Help with a very simple example of k-fold cross-valiation with loo

I’m trying to learn how to do k-fold cross-validation with loo following the example from appendix A.4. Suppose my data looks like this:

library(dplyr)
set.seed(9782)
N <- 1000
df <- data.frame(x = rnorm(n = N, mean = 10, sd = 2), 
                 e = rnorm(n=N, mean = 0, sd=2)) %>% 
  mutate(y = 10 + 0.5*x + e) %>% select(-e)

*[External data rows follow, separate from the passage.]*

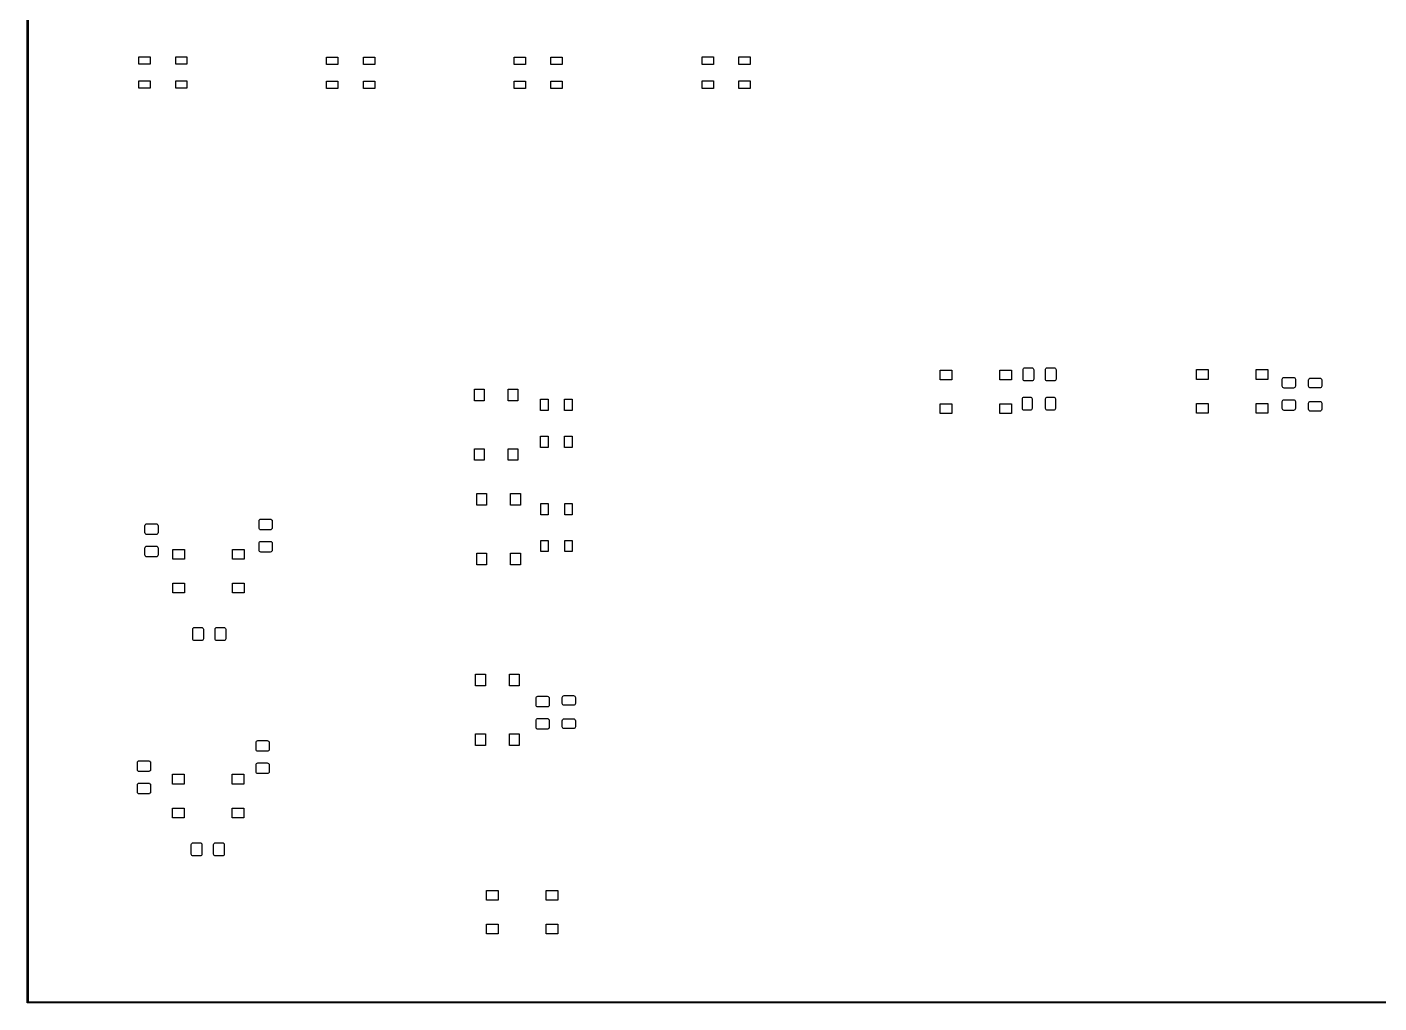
# Model space of a CAD drawing. Extents: x 0 to 360, y 0 to 260.
# Drawn here: x -0.1 to 180, y -0.1 to 130 of the extents above; entities that cross this region are included whole.
import ezdxf

# ---------------------------------------------------------------- set-up
doc = ezdxf.new("R2010")
doc.units = 0
doc.layers.add('BLACK', color=7, linetype='CONTINUOUS')

msp = doc.modelspace()

# ---------------------------------------------------------------- linework, layer by layer
at = {"layer": 'BLACK', "linetype": 'CONTINUOUS'}
for p, q in [((-0.075, 0), (-0.075, 260)), ((0.075, 259.925), (0.075, 0.075)), ((14.83, 125.04), (14.83, 126.04)), ((14.83, 126.04), (16.33, 126.04)), ((16.33, 125.04), (14.83, 125.04)), ((16.33, 126.04), (16.33, 125.04)), ((19.73, 125.04), (19.73, 126.04)), ((19.73, 126.04), (21.23, 126.04)), ((21.23, 125.04), (19.73, 125.04)), ((21.23, 126.04), (21.23, 125.04)), ((39.835, 124.995), (39.835, 125.995)), ((39.835, 125.995), (41.335, 125.995)), ((41.335, 124.995), (39.835, 124.995)), ((41.335, 125.995), (41.335, 124.995)), ((44.735, 124.995), (44.735, 125.995)), ((44.735, 125.995), (46.235, 125.995)), ((46.235, 124.995), (44.735, 124.995)), ((46.235, 125.995), (46.235, 124.995)), ((64.805, 124.995), (64.805, 125.995)), ((64.805, 125.995), (66.305, 125.995)), ((66.305, 124.995), (64.805, 124.995)), ((66.305, 125.995), (66.305, 124.995)), ((69.705, 124.995), (69.705, 125.995)), ((69.705, 125.995), (71.205, 125.995)), ((71.205, 124.995), (69.705, 124.995)), ((71.205, 125.995), (71.205, 124.995)), ((89.84, 125.02), (89.84, 126.02)), ((89.84, 126.02), (91.34, 126.02)), ((91.34, 125.02), (89.84, 125.02)), ((91.34, 126.02), (91.34, 125.02)), ((94.74, 125.02), (94.74, 126.02)), ((94.74, 126.02), (96.24, 126.02)), ((96.24, 125.02), (94.74, 125.02)), ((96.24, 126.02), (96.24, 125.02)), ((14.83, 121.84), (14.83, 122.84)), ((14.83, 122.84), (16.33, 122.84)), ((16.33, 122.84), (16.33, 121.84)), ((19.73, 121.84), (19.73, 122.84)), ((19.73, 122.84), (21.23, 122.84)), ((21.23, 122.84), (21.23, 121.84)), ((39.835, 121.795), (39.835, 122.795)), ((39.835, 122.795), (41.335, 122.795)), ((41.335, 122.795), (41.335, 121.795)), ((44.735, 121.795), (44.735, 122.795)), ((44.735, 122.795), (46.235, 122.795)), ((46.235, 122.795), (46.235, 121.795)), ((64.805, 121.795), (64.805, 122.795)), ((64.805, 122.795), (66.305, 122.795)), ((66.305, 122.795), (66.305, 121.795)), ((69.705, 121.795), (69.705, 122.795)), ((69.705, 122.795), (71.205, 122.795)), ((71.205, 122.795), (71.205, 121.795)), ((89.84, 121.82), (89.84, 122.82)), ((89.84, 122.82), (91.34, 122.82)), ((91.34, 122.82), (91.34, 121.82)), ((94.74, 121.82), (94.74, 122.82)), ((94.74, 122.82), (96.24, 122.82)), ((96.24, 122.82), (96.24, 121.82)), ((16.33, 121.84), (14.83, 121.84)), ((21.23, 121.84), (19.73, 121.84)), ((41.335, 121.795), (39.835, 121.795)), ((46.235, 121.795), (44.735, 121.795)), ((66.305, 121.795), (64.805, 121.795)), ((71.205, 121.795), (69.705, 121.795)), ((91.34, 121.82), (89.84, 121.82)), ((96.24, 121.82), (94.74, 121.82)), ((121.568, 82.988), (121.568, 84.288)), ((121.568, 84.288), (123.118, 84.288)), ((123.118, 82.988), (121.568, 82.988)), ((123.118, 84.288), (123.118, 82.988)), ((129.518, 82.988), (129.518, 84.288)), ((129.518, 84.288), (131.068, 84.288)), ((131.068, 82.988), (129.518, 82.988)), ((131.068, 84.288), (131.068, 82.988)), ((132.6, 84.325), (132.619, 84.4207)), ((132.6, 83.075), (132.6, 84.325)), ((132.619, 82.9793), (132.6, 83.075)), ((132.619, 84.4207), (132.673, 84.5018)), ((132.673, 82.8982), (132.619, 82.9793)), ((132.673, 84.5018), (132.754, 84.556)), ((132.754, 82.844), (132.673, 82.8982)), ((132.754, 84.556), (132.85, 84.575)), ((132.85, 82.825), (132.754, 82.844)), ((132.85, 84.575), (133.775, 84.575)), ((133.775, 84.575), (133.871, 84.556)), ((133.871, 82.844), (133.775, 82.825)), ((133.871, 84.556), (133.952, 84.5018)), ((133.952, 82.8982), (133.871, 82.844)), ((133.952, 84.5018), (134.006, 84.4207)), ((134.006, 82.9793), (133.952, 82.8982)), ((134.006, 84.4207), (134.025, 84.325)), ((134.025, 83.075), (134.006, 82.9793)), ((134.025, 84.325), (134.025, 83.075)), ((135.575, 84.325), (135.594, 84.4207)), ((135.575, 83.075), (135.575, 84.325)), ((135.594, 82.9793), (135.575, 83.075)), ((135.594, 84.4207), (135.648, 84.5018)), ((135.648, 82.8982), (135.594, 82.9793)), ((135.648, 84.5018), (135.729, 84.556)), ((135.729, 82.844), (135.648, 82.8982)), ((135.729, 84.556), (135.825, 84.575)), ((135.825, 82.825), (135.729, 82.844)), ((135.825, 84.575), (136.75, 84.575)), ((136.75, 84.575), (136.846, 84.556)), ((136.846, 82.844), (136.75, 82.825)), ((136.846, 84.556), (136.927, 84.5018)), ((136.927, 82.8982), (136.846, 82.844)), ((136.927, 84.5018), (136.981, 84.4207)), ((136.981, 82.9793), (136.927, 82.8982)), ((136.981, 84.4207), (137, 84.325)), ((137, 83.075), (136.981, 82.9793)), ((137, 84.325), (137, 83.075)), ((155.688, 83.038), (155.688, 84.338)), ((155.688, 84.338), (157.238, 84.338)), ((157.238, 83.038), (155.688, 83.038)), ((157.238, 84.338), (157.238, 83.038)), ((163.638, 83.038), (163.638, 84.338)), ((163.638, 84.338), (165.188, 84.338)), ((165.188, 83.038), (163.638, 83.038)), ((165.188, 84.338), (165.188, 83.038)), ((167.125, 83.05), (167.144, 83.1457)), ((167.125, 82.125), (167.125, 83.05)), ((167.144, 83.1457), (167.198, 83.2268)), ((167.198, 83.2268), (167.279, 83.281)), ((167.279, 83.281), (167.375, 83.3)), ((167.375, 83.3), (168.625, 83.3)), ((168.625, 83.3), (168.721, 83.281)), ((168.721, 83.281), (168.802, 83.2268)), ((168.802, 83.2268), (168.856, 83.1457)), ((168.856, 83.1457), (168.875, 83.05)), ((168.875, 83.05), (168.875, 82.125)), ((170.625, 82.95), (170.644, 83.0457)), ((170.625, 82.15), (170.625, 82.95)), ((170.644, 83.0457), (170.698, 83.1268)), ((170.698, 83.1268), (170.779, 83.181)), ((170.779, 83.181), (170.875, 83.2)), ((170.875, 83.2), (172.125, 83.2)), ((172.125, 83.2), (172.221, 83.181)), ((172.221, 83.181), (172.302, 83.1268)), ((172.302, 83.1268), (172.356, 83.0457)), ((172.356, 83.0457), (172.375, 82.95)), ((172.375, 82.95), (172.375, 82.15)), ((59.51, 80.2), (59.51, 81.75)), ((59.51, 81.75), (60.81, 81.75)), ((60.81, 81.75), (60.81, 80.2)), ((64.01, 80.2), (64.01, 81.75)), ((64.01, 81.75), (65.31, 81.75)), ((65.31, 81.75), (65.31, 80.2)), ((133.775, 82.825), (132.85, 82.825)), ((136.75, 82.825), (135.825, 82.825)), ((167.144, 82.0293), (167.125, 82.125)), ((167.198, 81.9482), (167.144, 82.0293)), ((167.279, 81.894), (167.198, 81.9482)), ((167.375, 81.875), (167.279, 81.894)), ((168.625, 81.875), (167.375, 81.875)), ((168.721, 81.894), (168.625, 81.875)), ((168.802, 81.9482), (168.721, 81.894)), ((168.856, 82.0293), (168.802, 81.9482)), ((168.875, 82.125), (168.856, 82.0293)), ((170.644, 82.0543), (170.625, 82.15)), ((170.698, 81.9732), (170.644, 82.0543)), ((170.779, 81.919), (170.698, 81.9732)), ((170.875, 81.9), (170.779, 81.919)), ((172.125, 81.9), (170.875, 81.9)), ((172.221, 81.919), (172.125, 81.9)), ((172.302, 81.9732), (172.221, 81.919)), ((172.356, 82.0543), (172.302, 81.9732)), ((172.375, 82.15), (172.356, 82.0543)), ((60.81, 80.2), (59.51, 80.2)), ((65.31, 80.2), (64.01, 80.2)), ((68.33, 78.88), (68.33, 80.38)), ((68.33, 80.38), (69.33, 80.38)), ((69.33, 80.38), (69.33, 78.88)), ((71.53, 78.88), (71.53, 80.38)), ((71.53, 80.38), (72.53, 80.38)), ((72.53, 80.38), (72.53, 78.88)), ((121.568, 78.488), (121.568, 79.788)), ((121.568, 79.788), (123.118, 79.788)), ((123.118, 79.788), (123.118, 78.488)), ((129.518, 78.488), (129.518, 79.788)), ((129.518, 79.788), (131.068, 79.788)), ((131.068, 79.788), (131.068, 78.488)), ((132.5, 80.425), (132.519, 80.5207)), ((132.5, 79.175), (132.5, 80.425)), ((132.519, 80.5207), (132.573, 80.6018)), ((132.573, 80.6018), (132.654, 80.656)), ((132.654, 80.656), (132.75, 80.675)), ((132.75, 80.675), (133.55, 80.675)), ((133.55, 80.675), (133.646, 80.656)), ((133.646, 80.656), (133.727, 80.6018)), ((133.727, 80.6018), (133.781, 80.5207)), ((133.781, 80.5207), (133.8, 80.425)), ((133.8, 80.425), (133.8, 79.175)), ((135.6, 80.425), (135.619, 80.5207)), ((135.6, 79.175), (135.6, 80.425)), ((135.619, 80.5207), (135.673, 80.6018)), ((135.673, 80.6018), (135.754, 80.656)), ((135.754, 80.656), (135.85, 80.675)), ((135.85, 80.675), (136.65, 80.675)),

train <- sample_frac(df, 0.7)
sid <- as.numeric(rownames(train)) 
test <- df[-sid,]

this is my stan code:


data {
  int<lower=1> N_t ;                            // (training) number of observations
  vector[N_t] x_t ;                             // (training) x
  vector[N_t] y_t ;                             // (training) outcome
  int<lower=1> N_h ;                            // (houldout) number of observations
  vector[N_h] x_h ;                             // (houldout) x
  vector[N_h] y_h ;                             // (houldout) outcome
}

parameters {
  real alpha;
  real beta;
  real<lower=0> sigma;
}

model {
  alpha ~ normal(0,10);
  beta ~ normal(0,10);
  sigma ~ normal(0,10);
  y_t ~ normal(alpha + beta*x_t, sigma);
}

generated quantities {
  vector[N_h] y_sim_h;
  vector[N_h] log_lik_h;
  vector[N_t] log_lik_t;
  for (n in 1:(N_h))  {
    y_sim_h[n] = normal_rng(alpha + beta*x_h[n], sigma);
    log_lik_h[n] = normal_lcdf(y_h[n] | alpha + beta*x_h[n], sigma);
  }
  
  for (n in 1:(N_t))  {
    log_lik_t[n] = normal_lcdf(y_t[n] | alpha + beta*x_t[n], sigma);
  }
  
}

this is how i fit the model

library(rstan)
stan_list <- list(N_t = nrow(train),
                  x_t = train$x,
                  y_t = train$y,
                  N_h = nrow(test),
                  x_h = test$x,
                  y_h = test$y)

fit <- sampling(model, data = stan_list)
print(fit, pars = c("alpha", "beta", "sigma"))

this the density overlay with bayesplot

library(bayesplot)

y_sim_h <- as.data.frame(fit, pars="y_sim_h") 

ppc_dens_overlay(y = test$y,
                 yrep = as.matrix(y_sim_h[sample(x = 1:nrow(y_sim_h), size = 50),]))

and this is how I use the loo package:

library(loo)
# Extract pointwise log-likelihood and compute LOO
log_lik_1 <- extract_log_lik(fit, parameter_name = "log_lik_h")
loo_1 <- loo(log_lik_1)
print(loo_1)

# 
# marginal predictive check using LOO probability integral transform
psis <- psislw(-log_lik_1)
ppc_loo_pit_overlay(test$y, as.matrix(y_sim_h),
                    lw = psis$lw_smooth)

I have a couple of questions:

  1. Is what i did for my basic example right or am I missing something? For example, should I be running the model again but fliping what is training and test?

  2. Can you point me to an example in which the data is partitioned in 3 instead of 2?

Thanks!

The beginning seems fine.

log_lik_h is already for the hold-out data, so no need to run loo.
Instead compute log(colMeans(exp(log_lik_h))) and there should be also better function
log_colMeans_exp(log_lik_h) or something like that which computes with better numerical accuracy.

Instead of ppc_loo_pit_overlay, ppc_pit_overlay should work like ppc_dens_overlay

Yes, and even better divide data in 10 parts.

New loo 2.0 has kfold-helper functions for creating data divisions, and then it’s easy to make demo.
loo 2.0 is in github now and in CRAN maybe next week?

1 Like

Just to clarify about the plotting functions: ppc_loo_pit_overlay() is the right function name in the new bayesplot v1.5 for the plot comparing to overlaid uniform densities (it calls ppc_dens_overlay() internally).